▸ **Problem**
Among the lines of the records below, copy those that hold the word "TimeDomain".

Records from a data source:

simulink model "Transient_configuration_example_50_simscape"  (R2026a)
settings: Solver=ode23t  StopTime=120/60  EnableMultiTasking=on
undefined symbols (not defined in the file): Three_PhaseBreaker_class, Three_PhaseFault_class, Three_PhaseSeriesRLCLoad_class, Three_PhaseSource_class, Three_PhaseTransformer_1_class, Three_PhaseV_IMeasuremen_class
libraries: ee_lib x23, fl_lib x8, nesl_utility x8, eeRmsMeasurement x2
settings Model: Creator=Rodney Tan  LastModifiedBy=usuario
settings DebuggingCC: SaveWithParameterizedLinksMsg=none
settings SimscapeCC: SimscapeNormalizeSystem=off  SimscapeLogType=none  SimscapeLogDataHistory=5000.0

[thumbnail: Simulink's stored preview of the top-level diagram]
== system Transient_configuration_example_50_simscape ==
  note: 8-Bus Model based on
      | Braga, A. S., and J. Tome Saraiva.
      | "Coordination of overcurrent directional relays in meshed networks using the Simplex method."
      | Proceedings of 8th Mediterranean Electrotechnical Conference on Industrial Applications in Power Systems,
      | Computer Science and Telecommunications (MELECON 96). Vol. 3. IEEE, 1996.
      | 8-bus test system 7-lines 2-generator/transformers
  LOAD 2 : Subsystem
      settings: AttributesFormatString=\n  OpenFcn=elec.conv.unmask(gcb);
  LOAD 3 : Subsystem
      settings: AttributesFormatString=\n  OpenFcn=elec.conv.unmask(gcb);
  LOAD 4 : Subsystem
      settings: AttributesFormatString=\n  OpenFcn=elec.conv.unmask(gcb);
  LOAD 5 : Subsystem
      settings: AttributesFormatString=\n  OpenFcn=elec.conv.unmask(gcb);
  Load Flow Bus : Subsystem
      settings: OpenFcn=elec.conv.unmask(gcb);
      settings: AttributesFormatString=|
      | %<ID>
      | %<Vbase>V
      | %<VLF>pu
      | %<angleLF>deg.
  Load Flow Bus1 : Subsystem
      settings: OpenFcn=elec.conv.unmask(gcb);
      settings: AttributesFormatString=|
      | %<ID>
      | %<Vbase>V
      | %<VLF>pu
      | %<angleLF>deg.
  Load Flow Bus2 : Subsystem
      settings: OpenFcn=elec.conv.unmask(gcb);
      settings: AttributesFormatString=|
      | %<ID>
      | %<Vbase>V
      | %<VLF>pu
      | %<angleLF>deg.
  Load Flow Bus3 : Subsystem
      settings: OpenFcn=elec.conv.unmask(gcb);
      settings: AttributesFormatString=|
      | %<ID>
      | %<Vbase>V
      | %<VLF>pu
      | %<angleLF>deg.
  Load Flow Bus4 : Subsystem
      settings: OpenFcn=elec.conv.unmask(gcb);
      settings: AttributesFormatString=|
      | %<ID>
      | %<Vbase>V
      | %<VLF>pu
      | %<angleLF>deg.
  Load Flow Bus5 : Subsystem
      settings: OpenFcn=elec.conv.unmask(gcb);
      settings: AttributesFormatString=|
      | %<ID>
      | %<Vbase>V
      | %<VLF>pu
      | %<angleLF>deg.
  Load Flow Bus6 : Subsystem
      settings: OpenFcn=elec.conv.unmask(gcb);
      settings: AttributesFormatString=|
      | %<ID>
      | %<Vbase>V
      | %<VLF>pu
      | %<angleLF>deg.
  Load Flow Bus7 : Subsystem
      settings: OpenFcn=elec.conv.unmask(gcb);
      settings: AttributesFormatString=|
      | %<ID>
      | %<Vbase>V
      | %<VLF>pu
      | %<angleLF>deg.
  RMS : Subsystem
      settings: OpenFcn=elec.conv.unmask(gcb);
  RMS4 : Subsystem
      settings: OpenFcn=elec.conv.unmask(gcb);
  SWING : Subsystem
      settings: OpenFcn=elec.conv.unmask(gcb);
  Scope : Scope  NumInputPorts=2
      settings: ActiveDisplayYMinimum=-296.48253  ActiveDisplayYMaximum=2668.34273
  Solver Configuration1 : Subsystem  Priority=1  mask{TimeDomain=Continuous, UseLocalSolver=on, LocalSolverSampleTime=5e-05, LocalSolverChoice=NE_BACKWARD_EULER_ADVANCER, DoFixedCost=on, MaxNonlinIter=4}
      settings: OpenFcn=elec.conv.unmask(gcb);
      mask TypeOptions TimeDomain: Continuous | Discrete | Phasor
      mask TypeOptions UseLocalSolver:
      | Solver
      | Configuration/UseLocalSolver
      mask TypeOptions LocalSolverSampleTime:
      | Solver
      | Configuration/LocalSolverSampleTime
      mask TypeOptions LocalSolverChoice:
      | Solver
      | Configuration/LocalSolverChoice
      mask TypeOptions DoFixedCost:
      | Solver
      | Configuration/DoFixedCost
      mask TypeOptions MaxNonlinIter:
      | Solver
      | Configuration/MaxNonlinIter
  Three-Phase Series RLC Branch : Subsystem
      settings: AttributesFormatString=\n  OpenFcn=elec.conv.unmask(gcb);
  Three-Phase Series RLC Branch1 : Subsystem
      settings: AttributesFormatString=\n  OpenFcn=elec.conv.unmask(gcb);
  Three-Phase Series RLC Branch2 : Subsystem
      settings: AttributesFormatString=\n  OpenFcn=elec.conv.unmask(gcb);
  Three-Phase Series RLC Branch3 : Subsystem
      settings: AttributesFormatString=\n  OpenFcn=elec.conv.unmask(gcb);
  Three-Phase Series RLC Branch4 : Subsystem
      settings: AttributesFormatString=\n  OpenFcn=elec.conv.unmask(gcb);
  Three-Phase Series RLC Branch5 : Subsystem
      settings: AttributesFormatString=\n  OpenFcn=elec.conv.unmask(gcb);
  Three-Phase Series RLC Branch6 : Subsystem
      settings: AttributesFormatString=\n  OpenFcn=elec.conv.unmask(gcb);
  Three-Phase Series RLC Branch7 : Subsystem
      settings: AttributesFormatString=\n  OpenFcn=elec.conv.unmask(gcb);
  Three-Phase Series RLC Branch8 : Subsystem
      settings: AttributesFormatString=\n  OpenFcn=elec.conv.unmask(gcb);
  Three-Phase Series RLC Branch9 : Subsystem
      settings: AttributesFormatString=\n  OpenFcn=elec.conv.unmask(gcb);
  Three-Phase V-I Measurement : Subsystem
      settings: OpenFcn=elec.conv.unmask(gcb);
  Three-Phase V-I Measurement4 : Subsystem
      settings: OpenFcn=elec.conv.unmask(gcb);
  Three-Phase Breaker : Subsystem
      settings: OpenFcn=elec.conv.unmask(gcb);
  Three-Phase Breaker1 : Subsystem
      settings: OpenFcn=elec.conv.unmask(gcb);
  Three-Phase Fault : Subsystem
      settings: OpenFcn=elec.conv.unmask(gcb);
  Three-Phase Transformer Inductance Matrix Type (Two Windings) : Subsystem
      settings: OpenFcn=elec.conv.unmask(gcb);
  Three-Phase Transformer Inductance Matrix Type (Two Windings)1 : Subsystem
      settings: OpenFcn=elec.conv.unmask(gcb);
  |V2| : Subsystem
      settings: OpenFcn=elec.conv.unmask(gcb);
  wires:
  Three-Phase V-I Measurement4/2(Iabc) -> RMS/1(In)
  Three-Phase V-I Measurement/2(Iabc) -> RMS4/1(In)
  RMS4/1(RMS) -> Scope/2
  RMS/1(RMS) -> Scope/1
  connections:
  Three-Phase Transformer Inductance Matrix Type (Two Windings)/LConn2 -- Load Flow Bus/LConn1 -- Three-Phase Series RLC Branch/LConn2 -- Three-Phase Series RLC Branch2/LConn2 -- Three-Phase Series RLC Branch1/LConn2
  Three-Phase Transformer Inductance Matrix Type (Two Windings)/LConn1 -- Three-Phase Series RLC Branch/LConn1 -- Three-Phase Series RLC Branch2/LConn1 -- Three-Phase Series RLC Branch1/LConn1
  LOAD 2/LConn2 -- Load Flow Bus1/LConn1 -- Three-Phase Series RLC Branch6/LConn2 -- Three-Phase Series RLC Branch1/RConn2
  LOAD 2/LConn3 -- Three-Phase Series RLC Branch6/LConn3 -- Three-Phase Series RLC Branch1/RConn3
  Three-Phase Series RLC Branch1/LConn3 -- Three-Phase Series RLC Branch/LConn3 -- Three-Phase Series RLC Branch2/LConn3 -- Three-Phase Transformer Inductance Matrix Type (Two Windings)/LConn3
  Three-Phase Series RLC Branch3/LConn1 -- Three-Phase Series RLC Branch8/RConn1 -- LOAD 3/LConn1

▸ **Response**
  Solver Configuration1 : Subsystem  Priority=1  mask{TimeDomain=Continuous, UseLocalSolver=on, LocalSolverSampleTime=5e-05, LocalSolverChoice=NE_BACKWARD_EULER_ADVANCER, DoFixedCost=on, MaxNonlinIter=4}
      mask TypeOptions TimeDomain: Continuous | Discrete | Phasor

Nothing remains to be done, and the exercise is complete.